Retype only what runs from the first line of the records to the line with "arc A1 (2.25, 46.9371)", inclusive, and no pictures.

■ Dataset excerpts ■
>>>>

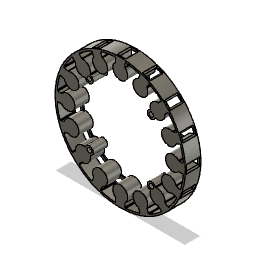
ball_syahei_20221011 v1 (Autodesk Fusion 360 design; units mm, degrees)
Autodesk Fusion 360 part; units mm, degrees
(part 1 of 2)
sketch "スケッチ1" plane through (0, 0, 0) normal (0, 0, 1) x (1, 0, 0)
  line L0 (-2.25, 51.3973) -> (-2.25, 46.9371)
  line L1 (2.25, 51.3973) -> (2.25, 46.9371)
  arc A0 (-2.6591, 46.1303) -> (2.6591, 46.1303) centre (0, 42.5) ccw
  arc A1 (2.25, 46.9371) -> (2.6591, 46.1303) centre (3.25, 46.9371) ccw
  arc A2 (-2.6591, 46.1303) -> (-2.25, 46.9371) centre (-3.25, 46.9371) ccw
  arc A3 (3.3131, 52.3954) -> (2.25, 51.3973) centre (3.25, 51.3973) ccw
  arc A4 (-2.25, 51.3973) -> (-3.3131, 52.3954) centre (-3.25, 51.3973) ccw
  line L2 (3.75, 47.4181) -> (3.75, 50.3208)
  line L3 (-3.75, 50.3208) -> (-3.75, 47.4181)
  arc A5 (-3.9231, 47.0398) -> (3.9231, 47.0398) centre (0, 42.5) ccw
  arc A6 (-3.75, 50.3208) -> (-4.2921, 50.8191) centre (-4.25, 50.3208) ccw
  arc A7 (4.2921, 50.8191) -> (3.75, 50.3208) centre (4.25, 50.3208) ccw
  arc A8 (-3.9231, 47.0398) -> (-3.75, 47.4181) centre (-4.25, 47.4181) ccw
  arc A9 (3.75, 47.4181) -> (3.9231, 47.0398) centre (4.25, 47.4181) ccw
  arc A10 (-15.4823, 48.5932) -> (-15.7924, 47.9255) centre (-15.3305, 48.1168) ccw
  arc A11 (-22.7215, 45.0553) -> (-23.413, 45.3082) centre (-23.1834, 44.864) ccw
  line L4 (-22.7215, 45.0553) -> (-21.6107, 42.3735)
  arc A12 (-21.6258, 41.9578) -> (-21.6107, 42.3735) centre (-22.0726, 42.1822) ccw
  arc A13 (-21.6258, 41.9578) -> (-14.3769, 44.9604) centre (-16.264, 39.2649) ccw
  arc A14 (-14.6816, 45.2437) -> (-14.3769, 44.9604) centre (-14.2196, 45.435) ccw
  line L5 (-14.6816, 45.2437) -> (-15.7924, 47.9255)
  line L6 (-17.5902, 48.346) -> (-15.8833, 44.2252)
  arc A15 (-15.8833, 44.2252) -> (-15.1966, 43.6365) centre (-14.9594, 44.6079) ccw
  arc A16 (-20.11, 41.6013) -> (-15.1966, 43.6365) centre (-16.264, 39.2649) ccw
  arc A17 (-20.11, 41.6013) -> (-20.0408, 42.5032) centre (-20.9646, 42.1205) ccw
  line L7 (-21.7476, 46.6239) -> (-20.0408, 42.5032)
  arc A18 (-21.7476, 46.6239) -> (-23.1117, 47.1391) centre (-22.6715, 46.2412) ccw
  arc A19 (-16.9899, 49.6749) -> (-17.5902, 48.346) centre (-16.6663, 48.7287) ccw
  arc A20 (-32.8996, 38.9695) -> (-32.9306, 38.2339) centre (-32.577, 38.5874) ccw
  arc A21 (-38.2339, 32.9306) -> (-38.9695, 32.8996) centre (-38.5874, 32.577) ccw
  line L8 (-38.2339, 32.9306) -> (-36.1813, 30.878)
  arc A22 (-36.0362, 30.4881) -> (-36.1813, 30.878) centre (-36.5348, 30.5244) ccw
  arc A23 (-30.878, 36.1813) -> (-30.4881, 36.0362) centre (-30.5244, 36.5348) ccw
  line L9 (-30.878, 36.1813) -> (-32.9306, 38.2339)
  line L10 (-34.7524, 37.9344) -> (-31.5985, 34.7805)
  arc A24 (-31.5985, 34.7805) -> (-30.7388, 34.4993) centre (-30.8914, 35.4876) ccw
  arc A25 (-34.4993, 30.7388) -> (-30.7388, 34.4993) centre (-30.052, 30.052) ccw
  arc A26 (-34.4993, 30.7388) -> (-34.7805, 31.5985) centre (-35.4876, 30.8914) ccw
  line L11 (-37.9344, 34.7524) -> (-34.7805, 31.5985)
  arc A27 (-37.9344, 34.7524) -> (-39.3918, 34.7064) centre (-38.6415, 34.0453) ccw
  arc A28 (-34.7064, 39.3918) -> (-34.7524, 37.9344) centre (-34.0453, 38.6415) ccw
  arc A29 (-45.3082, 23.413) -> (-45.0553, 22.7215) centre (-44.864, 23.1834) ccw
  arc A30 (-47.9255, 15.7924) -> (-48.5932, 15.4823) centre (-48.1168, 15.3305) ccw
  line L12 (-47.9255, 15.7924) -> (-45.2437, 14.6816)
  arc A31 (-44.9604, 14.3769) -> (-45.2437, 14.6816) centre (-45.435, 14.2196) ccw
  arc A32 (-44.9604, 14.3769) -> (-41.9578, 21.6258) centre (-39.2649, 16.264) ccw
  arc A33 (-42.3735, 21.6107) -> (-41.9578, 21.6258) centre (-42.1822, 22.0726) ccw
  line L13 (-42.3735, 21.6107) -> (-45.0553, 22.7215)
  line L14 (-46.6239, 21.7476) -> (-42.5032, 20.0408)
  arc A34 (-42.5032, 20.0408) -> (-41.6013, 20.11) centre (-42.1205, 20.9646) ccw
  arc A35 (-43.6365, 15.1966) -> (-41.6013, 20.11) centre (-39.2649, 16.264) ccw
  arc A36 (-43.6365, 15.1966) -> (-44.2252, 15.8833) centre (-44.6079, 14.9594) ccw
  line L15 (-48.346, 17.5902) -> (-44.2252, 15.8833)
  arc A37 (-48.346, 17.5902) -> (-49.6749, 16.9899) centre (-48.7287, 16.6663) ccw
  arc A38 (-47.1391, 23.1117) -> (-46.6239, 21.7476) centre (-46.2412, 22.6715) ccw
  arc A39 (-50.8191, 4.2921) -> (-50.3208, 3.75) centre (-50.3208, 4.25) ccw
  arc A40 (-50.3208, -3.75) -> (-50.8191, -4.2921) centre (-50.3208, -4.25) ccw
  line L16 (-50.3208, -3.75) -> (-47.4181, -3.75)
  arc A41 (-47.0398, -3.9231) -> (-47.4181, -3.75) centre (-47.4181, -4.25) ccw
  arc A42 (-47.0398, -3.9231) -> (-47.0398, 3.9231) centre (-42.5, 0) ccw
  arc A43 (-47.4181, 3.75) -> (-47.0398, 3.9231) centre (-47.4181, 4.25) ccw
  line L17 (-47.4181, 3.75) -> (-50.3208, 3.75)
  line L18 (-51.3973, 2.25) -> (-46.9371, 2.25)
  arc A44 (-46.9371, 2.25) -> (-46.1303, 2.6591) centre (-46.9371, 3.25) ccw
  arc A45 (-46.1303, -2.6591) -> (-46.1303, 2.6591) centre (-42.5, 0) ccw
  arc A46 (-46.1303, -2.6591) -> (-46.9371, -2.25) centre (-46.9371, -3.25) ccw
  line L19 (-51.3973, -2.25) -> (-46.9371, -2.25)
  arc A47 (-51.3973, -2.25) -> (-52.3954, -3.3131) centre (-51.3973, -3.25) ccw
  arc A48 (-52.3954, 3.3131) -> (-51.3973, 2.25) centre (-51.3973, 3.25) ccw
  arc A49 (-48.5932, -15.4823) -> (-47.9255, -15.7924) centre (-48.1168, -15.3305) ccw
  arc A50 (-45.0553, -22.7215) -> (-45.3082, -23.413) centre (-44.864, -23.1834) ccw
  line L20 (-45.0553, -22.7215) -> (-42.3735, -21.6107)
  arc A51 (-41.9578, -21.6258) -> (-42.3735, -21.6107) centre (-42.1822, -22.0726) ccw
  arc A52 (-41.9578, -21.6258) -> (-44.9604, -14.3769) centre (-39.2649, -16.264) ccw
  arc A53 (-45.2437, -14.6816) -> (-44.9604, -14.3769) centre (-45.435, -14.2196) ccw
  line L21 (-45.2437, -14.6816) -> (-47.9255, -15.7924)
  line L22 (-48.346, -17.5902) -> (-44.2252, -15.8833)
  arc A54 (-44.2252, -15.8833) -> (-43.6365, -15.1966) centre (-44.6079, -14.9594) ccw
  arc A55 (-41.6013, -20.11) -> (-43.6365, -15.1966) centre (-39.2649, -16.264) ccw
  arc A56 (-41.6013, -20.11) -> (-42.5032, -20.0408) centre (-42.1205, -20.9646) ccw
  line L23 (-46.6239, -21.7476) -> (-42.5032, -20.0408)
  arc A57 (-46.6239, -21.7476) -> (-47.1391, -23.1117) centre (-46.2412, -22.6715) ccw
  arc A58 (-49.6749, -16.9899) -> (-48.346, -17.5902) centre (-48.7287, -16.6663) ccw
  arc A59 (-38.9695, -32.8996) -> (-38.2339, -32.9306) centre (-38.5874, -32.577) ccw
  arc A60 (-32.9306, -38.2339) -> (-32.8996, -38.9695) centre (-32.577, -38.5874) ccw
  line L24 (-32.9306, -38.2339) -> (-30.878, -36.1813)
  arc A61 (-30.4881, -36.0362) -> (-30.878, -36.1813) centre (-30.5244, -36.5348) ccw
  arc A62 (-36.1813, -30.878) -> (-36.0362, -30.4881) centre (-36.5348, -30.5244) ccw
  line L25 (-36.1813, -30.878) -> (-38.2339, -32.9306)
  line L26 (-37.9344, -34.7524) -> (-34.7805, -31.5985)
  arc A63 (-34.7805, -31.5985) -> (-34.4993, -30.7388) centre (-35.4876, -30.8914) ccw
  arc A64 (-30.7388, -34.4993) -> (-34.4993, -30.7388) centre (-30.052, -30.052) ccw
  arc A65 (-30.7388, -34.4993) -> (-31.5985, -34.7805) centre (-30.8914, -35.4876) ccw
  line L27 (-34.7524, -37.9344) -> (-31.5985, -34.7805)
  arc A66 (-34.7524, -37.9344) -> (-34.7064, -39.3918) centre (-34.0453, -38.6415) ccw
  arc A67 (-39.3918, -34.7064) -> (-37.9344, -34.7524) centre (-38.6415, -34.0453) ccw
  arc A68 (-23.413, -45.3082) -> (-22.7215, -45.0553) centre (-23.1834, -44.864) ccw
  arc A69 (-15.7924, -47.9255) -> (-15.4823, -48.5932) centre (-15.3305, -48.1168) ccw
  line L28 (-15.7924, -47.9255) -> (-14.6816, -45.2437)
  arc A70 (-14.3769, -44.9604) -> (-14.6816, -45.2437) centre (-14.2196, -45.435) ccw
  arc A71 (-14.3769, -44.9604) -> (-21.6258, -41.9578) centre (-16.264, -39.2649) ccw
  arc A72 (-21.6107, -42.3735) -> (-21.6258, -41.9578) centre (-22.0726, -42.1822) ccw
  line L29 (-21.6107, -42.3735) -> (-22.7215, -45.0553)
  line L30 (-21.7476, -46.6239) -> (-20.0408, -42.5032)
  arc A73 (-20.0408, -42.5032) -> (-20.11, -41.6013) centre (-20.9646, -42.1205) ccw
  arc A74 (-15.1966, -43.6365) -> (-20.11, -41.6013) centre (-16.264, -39.2649) ccw
  arc A75 (-15.1966, -43.6365) -> (-15.8833, -44.2252) centre (-14.9594, -44.6079) ccw
  line L31 (-17.5902, -48.346) -> (-15.8833, -44.2252)
  arc A76 (-17.5902, -48.346) -> (-16.9899, -49.6749) centre (-16.6663, -48.7287) ccw
  arc A77 (-23.1117, -47.1391) -> (-21.7476, -46.6239) centre (-22.6715, -46.2412) ccw
  arc A78 (-4.2921, -50.8191) -> (-3.75, -50.3208) centre (-4.25, -50.3208) ccw
  arc A79 (3.75, -50.3208) -> (4.2921, -50.8191) centre (4.25, -50.3208) ccw
  line L32 (3.75, -50.3208) -> (3.75, -47.4181)
  arc A80 (3.9231, -47.0398) -> (3.75, -47.4181) centre (4.25, -47.4181) ccw
  arc A81 (3.9231, -47.0398) -> (-3.9231, -47.0398) centre (0, -42.5) ccw
  arc A82 (-3.75, -47.4181) -> (-3.9231, -47.0398) centre (-4.25, -47.4181) ccw
  line L33 (-3.75, -47.4181) -> (-3.75, -50.3208)
  line L34 (-2.25, -51.3973) -> (-2.25, -46.9371)
  arc A83 (-2.25, -46.9371) -> (-2.6591, -46.1303) centre (-3.25, -46.9371) ccw
  arc A84 (2.6591, -46.1303) -> (-2.6591, -46.1303) centre (0, -42.5) ccw
  arc A85 (2.6591, -46.1303) -> (2.25, -46.9371) centre (3.25, -46.9371) ccw
  line L35 (2.25, -51.3973) -> (2.25, -46.9371)
  arc A86 (2.25, -51.3973) -> (3.3131, -52.3954) centre (3.25, -51.3973) ccw
  arc A87 (-3.3131, -52.3954) -> (-2.25, -51.3973) centre (-3.25, -51.3973) ccw
  arc A88 (15.4823, -48.5932) -> (15.7924, -47.9255) centre (15.3305, -48.1168) ccw
  arc A89 (22.7215, -45.0553) -> (23.413, -45.3082) centre (23.1834, -44.864) ccw
  line L36 (22.7215, -45.0553) -> (21.6107, -42.3735)
  arc A90 (21.6258, -41.9578) -> (21.6107, -42.3735) centre (22.0726, -42.1822) ccw
  arc A91 (21.6258, -41.9578) -> (14.3769, -44.9604) centre (16.264, -39.2649) ccw
  arc A92 (14.6816, -45.2437) -> (14.3769, -44.9604) centre (14.2196, -45.435) ccw
  line L37 (14.6816, -45.2437) -> (15.7924, -47.9255)
  line L38 (17.5902, -48.346) -> (15.8833, -44.2252)
  arc A93 (15.8833, -44.2252) -> (15.1966, -43.6365) centre (14.9594, -44.6079) ccw
  arc A94 (20.11, -41.6013) -> (15.1966, -43.6365) centre (16.264, -39.2649) ccw
  arc A95 (20.11, -41.6013) -> (20.0408, -42.5032) centre (20.9646, -42.1205) ccw
  line L39 (21.7476, -46.6239) -> (20.0408, -42.5032)
  arc A96 (21.7476, -46.6239) -> (23.1117, -47.1391) centre (22.6715, -46.2412) ccw
  arc A97 (16.9899, -49.6749) -> (17.5902, -48.346) centre (16.6663, -48.7287) ccw
  arc A98 (32.8996, -38.9695) -> (32.9306, -38.2339) centre (32.577, -38.5874) ccw
  arc A99 (38.2339, -32.9306) -> (38.9695, -32.8996) centre (38.5874, -32.577) ccw
  line L40 (38.2339, -32.9306) -> (36.1813, -30.878)
  arc A100 (36.0362, -30.4881) -> (36.1813, -30.878) centre (36.5348, -30.5244) ccw
  arc A101 (30.878, -36.1813) -> (30.4881, -36.0362) centre (30.5244, -36.5348) ccw
  line L41 (30.878, -36.1813) -> (32.9306, -38.2339)
  line L42 (34.7524, -37.9344) -> (31.5985, -34.7805)
  arc A102 (31.5985, -34.7805) -> (30.7388, -34.4993) centre (30.8914, -35.4876) ccw
  arc A103 (34.4993, -30.7388) -> (30.7388, -34.4993) centre (30.052, -30.052) ccw
  arc A104 (34.4993, -30.7388) -> (34.7805, -31.5985) centre (35.4876, -30.8914) ccw
  line L43 (37.9344, -34.7524) -> (34.7805, -31.5985)
  arc A105 (37.9344, -34.7524) -> (39.3918, -34.7064) centre (38.6415, -34.0453) ccw
  arc A106 (34.7064, -39.3918) -> (34.7524, -37.9344) centre (34.0453, -38.6415) ccw
  arc A107 (45.3082, -23.413) -> (45.0553, -22.7215) centre (44.864, -23.1834) ccw
  arc A108 (47.9255, -15.7924) -> (48.5932, -15.4823) centre (48.1168, -15.3305) ccw
  line L44 (47.9255, -15.7924) -> (45.2437, -14.6816)
  arc A109 (44.9604, -14.3769) -> (45.2437, -14.6816) centre (45.435, -14.2196) ccw
  arc A110 (44.9604, -14.3769) -> (41.9578, -21.6258) centre (39.2649, -16.264) ccw
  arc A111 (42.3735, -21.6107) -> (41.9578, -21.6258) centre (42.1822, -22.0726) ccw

<<<<

■ Completed exercise ■
ball_syahei_20221011 v1 (Autodesk Fusion 360 design; units mm, degrees)
Autodesk Fusion 360 part; units mm, degrees
(part 1 of 2)
sketch "スケッチ1" plane through (0, 0, 0) normal (0, 0, 1) x (1, 0, 0)
  line L0 (-2.25, 51.3973) -> (-2.25, 46.9371)
  line L1 (2.25, 51.3973) -> (2.25, 46.9371)
  arc A0 (-2.6591, 46.1303) -> (2.6591, 46.1303) centre (0, 42.5) ccw
  arc A1 (2.25, 46.9371) -> (2.6591, 46.1303) centre (3.25, 46.9371) ccw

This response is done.